Après les fabuleuses adaptations de Mystic River, Gone Baby Gone et Shutter Island, l’écrivain Dennis Lehane développe pour la première fois un scénario pour un thriller hollywoodien. Réalisé par Michael R. Roskam, révélé par l’excellent Bullhead, Quand vient la nuit est le polar noir qu’on rêvait de voir à l’écran lorsque l’annonce du projet est tombée.
Si le titre français n’évoque pas vraiment l’ambiance du film, The Drop est à l’inverse beaucoup plus révélateur. Le long métrage nous emmène dans les bas fonds de Brooklyn et plus précisément les drop bars, ces enseignes utilisées par les gangsters pour blanchir l’argent sale. Dans l’un de ces établissements travaille Bob, un homme discret qui n’a jamais réussi à échapper à ce paysage terne et dangereux. Un soir, Bob trouve un chiot dans une poubelle. En le recueillant, il est loin d’imaginer qu’il est sur le point de subir un chantage du propriétaire, un criminel redouté du quartier.
Si le pitch n’est pas le plus alléchant de l’année, Lehane et Roskam savent en profiter pour développer la psychologie de leurs personnages que l’on découvre jusqu’à la dernière minute. Jouant constamment sur les apparences, l’auteur et le réalisateur s’attaquent à une histoire simple pour analyser le fonctionnement d’un milieu que l’on croit connaître à force de voir des films du genre mais qui nous échappe totalement.
Au-delà du chantage que vit Bob, dans le bar-dépôt et par rapport au chien, il est avant tout question de réputation, de l’acceptation des autres dans un quartier que l’on a connu toute notre vie et dans lequel on mourra probablement. S’il se dévoile peu à peu, Bob est un taiseux que l’on ne voit jamais comme un dur à cuire à l’inverse du protagoniste interprété par Matthias Schoenaerts. Bob est obligé de s’adapter à un environnement qu’il déteste. C’est lorsqu’il révèle le fond de sa pensée qu’il prend le public par surprise. Une nouvelle fois, Tom Hardy est phénoménal. Moins impulsif et plus tendre que dans Lawless, il conserve ses grommèlements et paraît tranquille, jusqu’à une montée en pression rapide qui renverse tout le long métrage et les impressions que l’on s’était faits sur les autres personnages.
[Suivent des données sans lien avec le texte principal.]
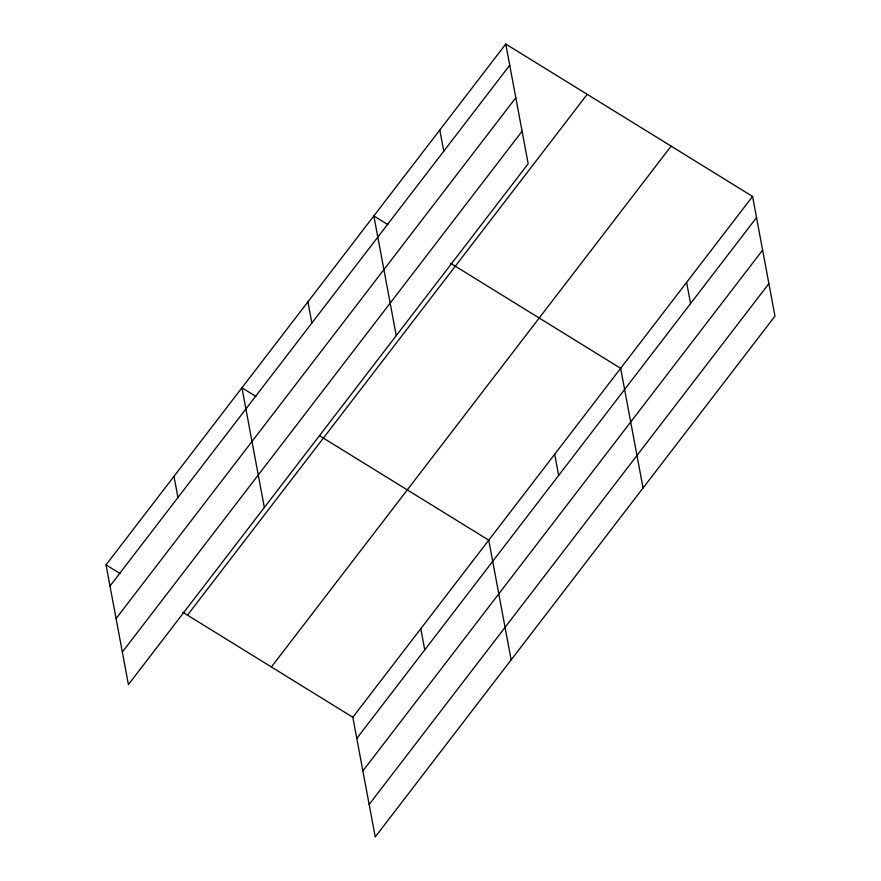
<?xml version="1.0" encoding="UTF-8"?>
<svg xmlns="http://www.w3.org/2000/svg" width="881" height="881" viewBox="0 0 881 881"><rect width="100%" height="100%" fill="white"/><g stroke="black" fill="none" stroke-linecap="round" stroke-linejoin="round"><path stroke-width="1.32" d="M505.771 44.05L528.171 163.745L128.428 684.57L106.028 564.875L505.771 44.05L752.572 196.43L774.972 316.125L375.229 836.95L352.829 717.255L182.819 612.284M109.993 586.052L509.736 65.227M116.083 618.561L515.814 97.736M122.349 652.061L522.081 131.236M187.477 615.158L587.209 94.333M271.392 666.972L671.124 146.147M352.829 717.255L752.572 196.43M356.794 738.432L756.526 217.596M362.884 770.941L762.616 250.116M369.15 804.441L768.882 283.616M387.816 224.545L373.852 215.922L396.252 335.617M450.643 263.331L620.653 368.302L643.053 487.997M255.908 396.417L241.945 387.794L264.344 507.489M319.891 435.93L488.746 540.174L511.145 659.869M106.028 564.875L119.992 573.498M686.607 282.361L690.572 303.538M554.7 454.233L558.664 475.41M439.806 129.992L443.771 151.158M420.788 628.715L424.752 649.892M307.898 301.864L311.863 323.03M173.986 476.335L177.951 497.512"/></g></svg>

Le long métrage nous immerge dans sa routine, son quotidien incertain et sa manière d’y faire face avec une certaine passivité. Dennis Lehane ne propose pas un récit très original mais son sens de l’humour et ses dialogues volontairement courts débités avec un franc-parler déconcertant font la singularité de Quand vient la nuit. Ici, pas de tirades, de leçons de morale ou de vie de rêve pour les criminels. The Drop n’est pas une fresque comme ses romans tels qu’Un pays à l’aube ou Ils vivent la nuit qui se concentrent sur les ambitions de ses héros, comme c’est le cas dans les œuvres de Scorsese (Les Affranchis).
Quand vient la nuit est un film froid, aux individus imprévisibles et desquels on ne sait rien. La photographie âpre, les décors redondants et la réalisation de Michael R. Roskam renforcent ce sentiment. Le cinéaste ne met jamais les pieds dans Manhattan et ne sort quasiment pas des rues dans lesquelles les personnages vivent, font leurs affaires et meurent. Ce choix accentue l’oppression que vit Bob et les possibilités limitées qui sont à sa disposition.
Dernière œuvre de James Gandolfini (Les Soprano), Quand vient la nuit nous offre également l’ultime prestation d’un comédien à la stature unique, dont la composition fait ici écho à sa vie, celle d’une gloire passée tentant de remonter la pente malgré la conscience d’une fin dramatique approchant à toute allure. Rien que pour lui, il est important de voir cette perle noire qui distille une véritable tension jusqu’à une conclusion glaçante que l’on voit venir sans s’attendre à un tel impact.